- _Required action_:
Starting at the first line of the records below, reproduce every line up to and including the line with "for name, pattern", but leave out all pictures.

(Source data)
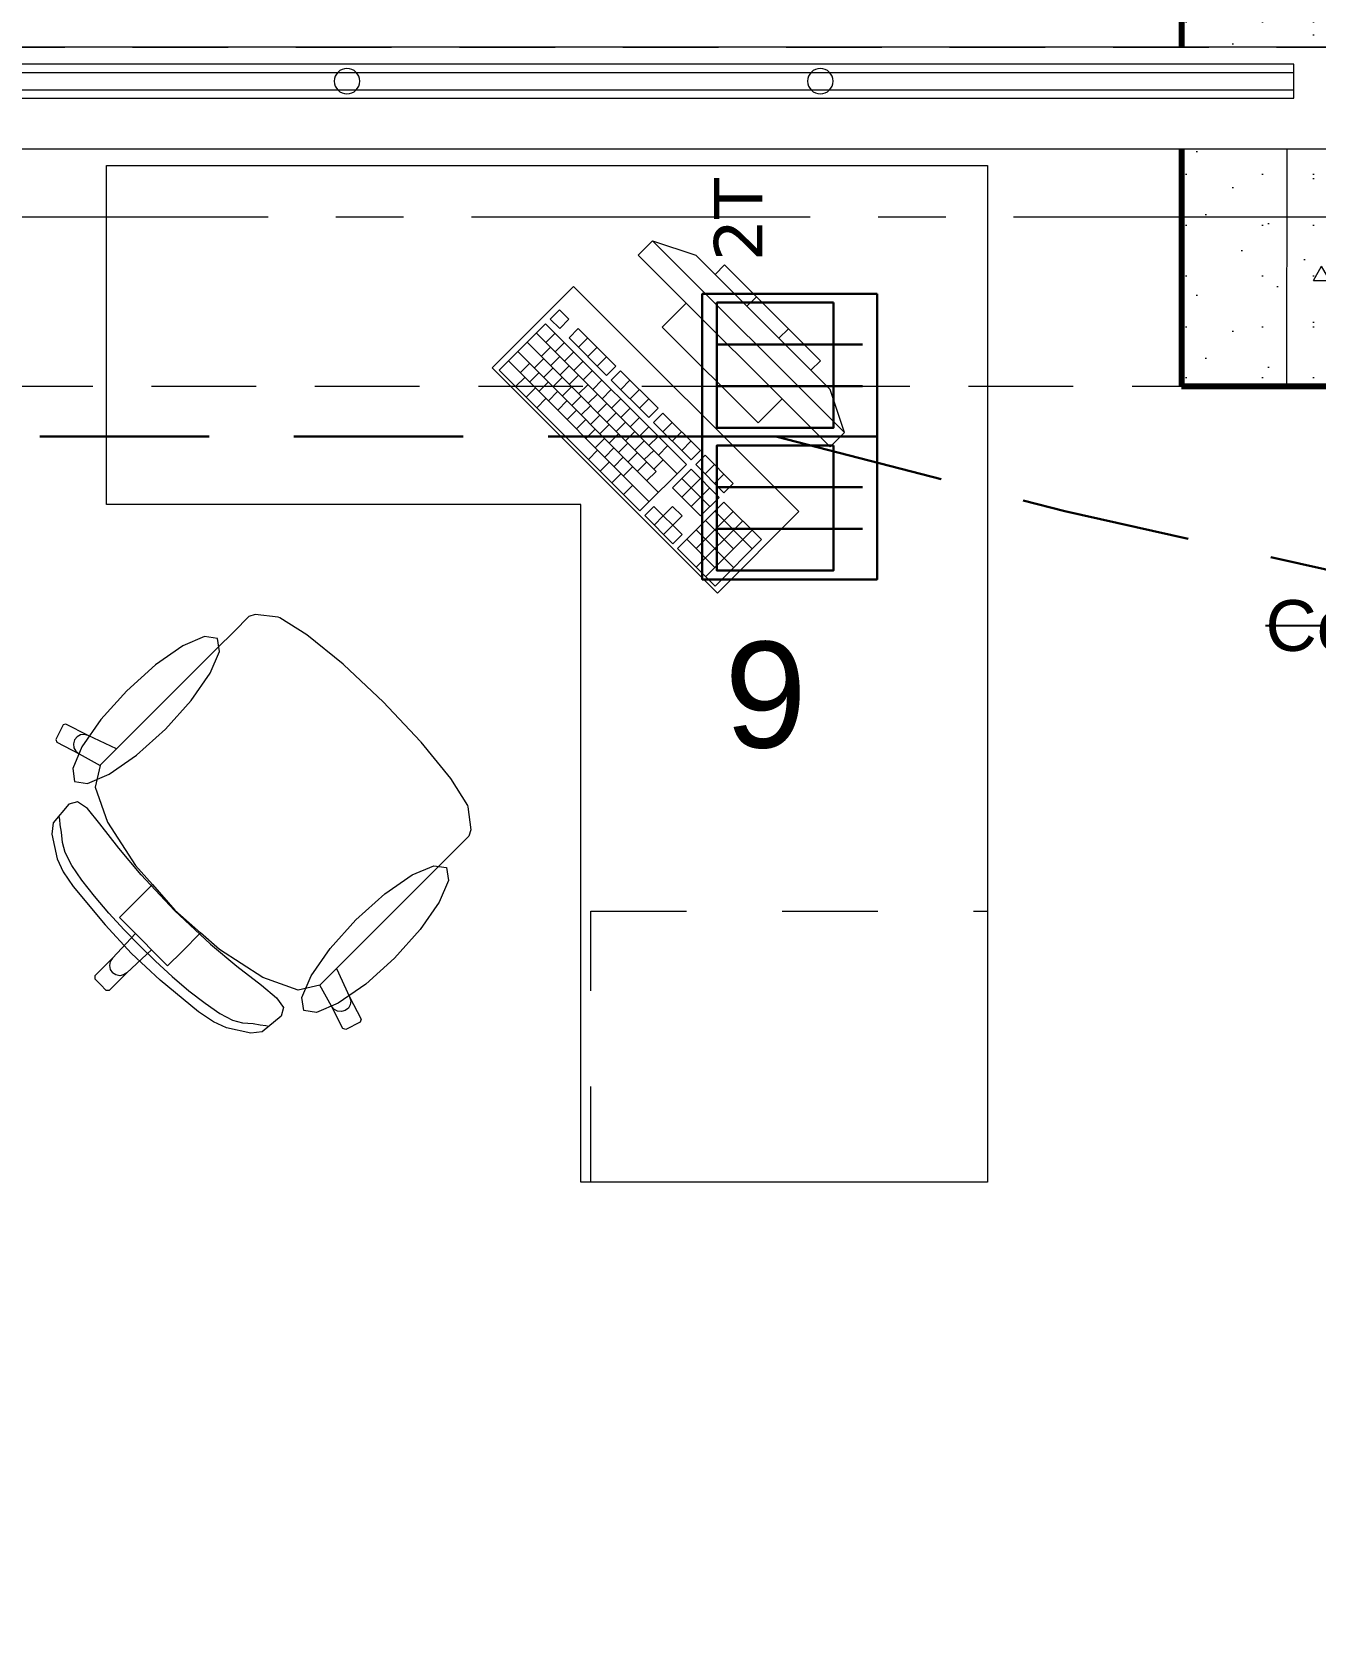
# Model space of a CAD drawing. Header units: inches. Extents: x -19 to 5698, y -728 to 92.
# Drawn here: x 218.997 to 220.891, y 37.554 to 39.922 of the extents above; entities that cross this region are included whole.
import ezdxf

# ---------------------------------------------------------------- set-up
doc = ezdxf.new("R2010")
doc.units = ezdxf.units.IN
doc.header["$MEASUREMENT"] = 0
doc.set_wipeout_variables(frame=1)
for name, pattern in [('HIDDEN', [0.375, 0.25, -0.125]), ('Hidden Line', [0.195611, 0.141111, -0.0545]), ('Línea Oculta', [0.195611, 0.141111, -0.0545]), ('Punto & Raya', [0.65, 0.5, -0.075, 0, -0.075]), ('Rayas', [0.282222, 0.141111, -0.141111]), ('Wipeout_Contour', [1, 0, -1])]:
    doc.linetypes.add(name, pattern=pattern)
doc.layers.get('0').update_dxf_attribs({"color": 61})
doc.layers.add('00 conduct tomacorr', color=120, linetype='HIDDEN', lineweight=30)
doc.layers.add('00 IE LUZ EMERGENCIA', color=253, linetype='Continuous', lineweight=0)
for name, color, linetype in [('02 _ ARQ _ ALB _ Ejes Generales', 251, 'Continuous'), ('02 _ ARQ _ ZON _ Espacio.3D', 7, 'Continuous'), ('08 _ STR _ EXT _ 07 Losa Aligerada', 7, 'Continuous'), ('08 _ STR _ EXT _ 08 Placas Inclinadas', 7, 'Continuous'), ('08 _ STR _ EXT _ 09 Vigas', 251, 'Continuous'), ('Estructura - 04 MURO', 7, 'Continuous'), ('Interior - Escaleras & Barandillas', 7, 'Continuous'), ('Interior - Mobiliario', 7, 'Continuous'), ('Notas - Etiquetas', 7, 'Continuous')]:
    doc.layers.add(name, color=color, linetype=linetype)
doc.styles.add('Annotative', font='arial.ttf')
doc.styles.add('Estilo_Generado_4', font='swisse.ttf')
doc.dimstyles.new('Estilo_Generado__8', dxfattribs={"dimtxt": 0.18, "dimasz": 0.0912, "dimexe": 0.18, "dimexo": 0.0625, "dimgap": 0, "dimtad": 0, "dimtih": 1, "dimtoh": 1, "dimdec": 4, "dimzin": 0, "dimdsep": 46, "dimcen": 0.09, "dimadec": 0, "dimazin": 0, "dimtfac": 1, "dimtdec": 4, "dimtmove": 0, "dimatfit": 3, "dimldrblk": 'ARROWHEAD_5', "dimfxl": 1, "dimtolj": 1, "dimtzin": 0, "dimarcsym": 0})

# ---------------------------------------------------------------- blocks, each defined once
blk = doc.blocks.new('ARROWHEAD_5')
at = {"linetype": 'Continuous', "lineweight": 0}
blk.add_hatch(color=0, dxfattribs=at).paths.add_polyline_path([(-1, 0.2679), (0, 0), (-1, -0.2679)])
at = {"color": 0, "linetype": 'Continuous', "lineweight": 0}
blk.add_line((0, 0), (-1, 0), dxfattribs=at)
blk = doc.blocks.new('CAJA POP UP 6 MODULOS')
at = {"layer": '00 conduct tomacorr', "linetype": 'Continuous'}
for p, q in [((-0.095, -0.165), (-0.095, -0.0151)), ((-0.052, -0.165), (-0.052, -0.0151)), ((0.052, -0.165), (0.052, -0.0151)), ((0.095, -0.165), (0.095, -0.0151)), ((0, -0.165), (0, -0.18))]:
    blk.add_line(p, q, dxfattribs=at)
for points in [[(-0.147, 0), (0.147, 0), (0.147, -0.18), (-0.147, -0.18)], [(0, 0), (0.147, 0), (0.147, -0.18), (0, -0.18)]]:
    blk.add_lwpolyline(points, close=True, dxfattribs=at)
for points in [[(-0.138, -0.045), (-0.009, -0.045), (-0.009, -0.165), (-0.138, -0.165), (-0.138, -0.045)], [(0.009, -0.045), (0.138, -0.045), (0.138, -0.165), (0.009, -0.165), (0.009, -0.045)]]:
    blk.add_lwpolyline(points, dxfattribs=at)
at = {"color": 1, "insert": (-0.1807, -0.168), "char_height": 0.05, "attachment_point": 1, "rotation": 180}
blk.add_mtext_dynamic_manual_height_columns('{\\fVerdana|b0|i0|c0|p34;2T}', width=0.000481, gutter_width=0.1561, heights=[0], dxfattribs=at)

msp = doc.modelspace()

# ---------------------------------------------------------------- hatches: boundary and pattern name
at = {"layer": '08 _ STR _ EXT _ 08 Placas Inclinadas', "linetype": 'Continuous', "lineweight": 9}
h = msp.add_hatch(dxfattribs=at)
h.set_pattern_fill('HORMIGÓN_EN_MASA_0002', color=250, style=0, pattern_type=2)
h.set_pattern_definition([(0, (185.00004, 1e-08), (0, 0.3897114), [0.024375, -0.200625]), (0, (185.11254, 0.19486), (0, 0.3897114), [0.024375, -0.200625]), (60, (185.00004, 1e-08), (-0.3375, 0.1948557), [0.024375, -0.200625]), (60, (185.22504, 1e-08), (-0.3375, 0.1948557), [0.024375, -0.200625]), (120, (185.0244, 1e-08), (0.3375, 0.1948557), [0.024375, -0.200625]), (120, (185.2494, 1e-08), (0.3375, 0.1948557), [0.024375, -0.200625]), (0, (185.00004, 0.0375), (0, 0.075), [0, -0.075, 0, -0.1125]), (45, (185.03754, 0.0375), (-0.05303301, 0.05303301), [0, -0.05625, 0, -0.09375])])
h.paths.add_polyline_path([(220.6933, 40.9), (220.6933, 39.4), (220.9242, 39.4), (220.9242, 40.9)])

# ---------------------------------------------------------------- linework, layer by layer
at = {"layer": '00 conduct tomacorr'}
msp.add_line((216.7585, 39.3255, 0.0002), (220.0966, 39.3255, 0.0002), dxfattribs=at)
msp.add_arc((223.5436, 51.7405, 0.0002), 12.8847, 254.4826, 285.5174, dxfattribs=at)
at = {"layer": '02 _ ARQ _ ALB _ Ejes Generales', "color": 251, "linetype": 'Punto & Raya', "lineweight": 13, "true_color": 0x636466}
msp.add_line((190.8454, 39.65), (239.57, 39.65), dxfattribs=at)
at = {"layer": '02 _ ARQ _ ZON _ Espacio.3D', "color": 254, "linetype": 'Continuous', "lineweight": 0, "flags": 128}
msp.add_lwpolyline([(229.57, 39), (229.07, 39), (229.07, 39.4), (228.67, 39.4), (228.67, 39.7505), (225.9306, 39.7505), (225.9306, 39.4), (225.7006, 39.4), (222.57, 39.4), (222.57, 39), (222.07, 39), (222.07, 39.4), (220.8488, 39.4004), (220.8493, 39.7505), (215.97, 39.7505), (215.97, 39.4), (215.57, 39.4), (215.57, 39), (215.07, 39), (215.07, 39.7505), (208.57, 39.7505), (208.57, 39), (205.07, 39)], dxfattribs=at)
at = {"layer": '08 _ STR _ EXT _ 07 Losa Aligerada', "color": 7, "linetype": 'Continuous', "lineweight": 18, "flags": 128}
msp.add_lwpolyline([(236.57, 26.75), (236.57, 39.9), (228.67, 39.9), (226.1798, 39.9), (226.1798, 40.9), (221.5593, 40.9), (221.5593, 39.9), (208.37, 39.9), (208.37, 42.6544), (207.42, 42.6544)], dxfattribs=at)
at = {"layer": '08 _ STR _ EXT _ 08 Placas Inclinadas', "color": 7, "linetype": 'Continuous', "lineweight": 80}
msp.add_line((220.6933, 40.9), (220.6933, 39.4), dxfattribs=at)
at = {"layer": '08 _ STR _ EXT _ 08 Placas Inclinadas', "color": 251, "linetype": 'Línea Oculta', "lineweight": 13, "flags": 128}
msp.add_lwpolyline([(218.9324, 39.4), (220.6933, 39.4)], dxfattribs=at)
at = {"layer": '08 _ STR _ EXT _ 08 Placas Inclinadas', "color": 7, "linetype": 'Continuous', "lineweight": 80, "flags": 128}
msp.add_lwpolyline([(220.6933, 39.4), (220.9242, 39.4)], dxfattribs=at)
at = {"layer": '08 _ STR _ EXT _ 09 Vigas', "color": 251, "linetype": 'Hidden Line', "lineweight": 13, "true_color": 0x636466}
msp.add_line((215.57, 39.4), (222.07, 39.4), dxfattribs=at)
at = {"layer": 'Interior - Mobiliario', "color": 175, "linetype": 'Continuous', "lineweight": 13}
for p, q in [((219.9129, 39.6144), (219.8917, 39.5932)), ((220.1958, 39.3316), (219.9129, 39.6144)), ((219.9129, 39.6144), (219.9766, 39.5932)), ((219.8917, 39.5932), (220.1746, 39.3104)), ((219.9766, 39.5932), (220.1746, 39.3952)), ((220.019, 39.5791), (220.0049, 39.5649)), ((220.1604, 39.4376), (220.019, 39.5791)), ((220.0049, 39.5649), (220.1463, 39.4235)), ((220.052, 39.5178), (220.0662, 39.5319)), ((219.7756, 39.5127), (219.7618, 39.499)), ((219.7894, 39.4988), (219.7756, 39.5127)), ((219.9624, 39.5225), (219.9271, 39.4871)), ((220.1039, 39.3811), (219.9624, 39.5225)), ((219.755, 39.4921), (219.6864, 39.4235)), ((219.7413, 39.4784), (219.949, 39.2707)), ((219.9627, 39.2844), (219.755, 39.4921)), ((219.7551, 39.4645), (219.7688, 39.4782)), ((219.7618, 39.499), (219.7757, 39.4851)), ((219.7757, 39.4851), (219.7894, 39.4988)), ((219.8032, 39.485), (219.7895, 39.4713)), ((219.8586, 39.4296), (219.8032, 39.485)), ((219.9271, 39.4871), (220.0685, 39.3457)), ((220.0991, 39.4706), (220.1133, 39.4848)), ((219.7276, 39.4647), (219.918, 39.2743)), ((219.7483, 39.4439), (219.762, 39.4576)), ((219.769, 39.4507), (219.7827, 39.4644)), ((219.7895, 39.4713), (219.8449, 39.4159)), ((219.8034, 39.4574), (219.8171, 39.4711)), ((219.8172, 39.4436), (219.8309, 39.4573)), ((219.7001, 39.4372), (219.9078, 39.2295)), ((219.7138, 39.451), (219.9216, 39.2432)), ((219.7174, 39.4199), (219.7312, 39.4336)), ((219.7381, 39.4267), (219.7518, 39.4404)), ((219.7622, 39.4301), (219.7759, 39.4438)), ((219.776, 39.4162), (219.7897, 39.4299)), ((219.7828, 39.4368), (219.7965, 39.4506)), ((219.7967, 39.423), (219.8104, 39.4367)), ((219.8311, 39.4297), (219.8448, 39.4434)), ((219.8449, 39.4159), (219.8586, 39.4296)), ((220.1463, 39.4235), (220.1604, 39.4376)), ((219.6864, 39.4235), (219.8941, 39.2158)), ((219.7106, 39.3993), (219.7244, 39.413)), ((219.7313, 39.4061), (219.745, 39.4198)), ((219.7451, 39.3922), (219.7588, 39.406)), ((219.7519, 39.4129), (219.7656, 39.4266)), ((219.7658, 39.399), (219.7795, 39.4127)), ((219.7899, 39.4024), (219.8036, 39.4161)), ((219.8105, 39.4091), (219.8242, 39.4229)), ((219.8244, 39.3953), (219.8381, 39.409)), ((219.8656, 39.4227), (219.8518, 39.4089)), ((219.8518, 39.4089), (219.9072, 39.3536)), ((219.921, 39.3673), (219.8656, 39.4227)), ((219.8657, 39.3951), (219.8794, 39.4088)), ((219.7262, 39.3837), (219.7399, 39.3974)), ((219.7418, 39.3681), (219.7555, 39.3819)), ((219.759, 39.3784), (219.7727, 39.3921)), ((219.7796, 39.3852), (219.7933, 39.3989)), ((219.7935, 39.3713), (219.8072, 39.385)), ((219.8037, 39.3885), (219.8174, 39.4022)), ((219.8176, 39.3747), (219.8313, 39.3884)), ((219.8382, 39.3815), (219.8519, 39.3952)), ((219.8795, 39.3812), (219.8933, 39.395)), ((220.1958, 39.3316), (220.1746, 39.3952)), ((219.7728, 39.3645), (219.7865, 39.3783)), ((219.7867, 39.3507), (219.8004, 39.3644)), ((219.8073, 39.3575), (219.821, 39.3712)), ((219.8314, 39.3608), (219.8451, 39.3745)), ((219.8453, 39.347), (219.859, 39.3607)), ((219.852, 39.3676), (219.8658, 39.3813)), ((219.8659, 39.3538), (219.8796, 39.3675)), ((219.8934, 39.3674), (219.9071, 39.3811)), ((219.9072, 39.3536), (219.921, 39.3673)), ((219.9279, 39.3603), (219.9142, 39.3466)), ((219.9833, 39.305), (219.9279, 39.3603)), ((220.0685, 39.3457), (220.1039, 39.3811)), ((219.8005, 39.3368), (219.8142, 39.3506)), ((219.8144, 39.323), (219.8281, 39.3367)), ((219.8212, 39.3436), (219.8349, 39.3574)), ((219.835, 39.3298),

- _Worked solution_:
# Model space of a CAD drawing. Header units: inches. Extents: x -19 to 5698, y -728 to 92.
# Drawn here: x 218.997 to 220.891, y 37.554 to 39.922 of the extents above; entities that cross this region are included whole.
import ezdxf

# ---------------------------------------------------------------- set-up
doc = ezdxf.new("R2010")
doc.units = ezdxf.units.IN
doc.header["$MEASUREMENT"] = 0
doc.set_wipeout_variables(frame=1)
for name, pattern in [('HIDDEN', [0.375, 0.25, -0.125]), ('Hidden Line', [0.195611, 0.141111, -0.0545]), ('Línea Oculta', [0.195611, 0.141111, -0.0545]), ('Punto & Raya', [0.65, 0.5, -0.075, 0, -0.075]), ('Rayas', [0.282222, 0.141111, -0.141111]), ('Wipeout_Contour', [1, 0, -1])]:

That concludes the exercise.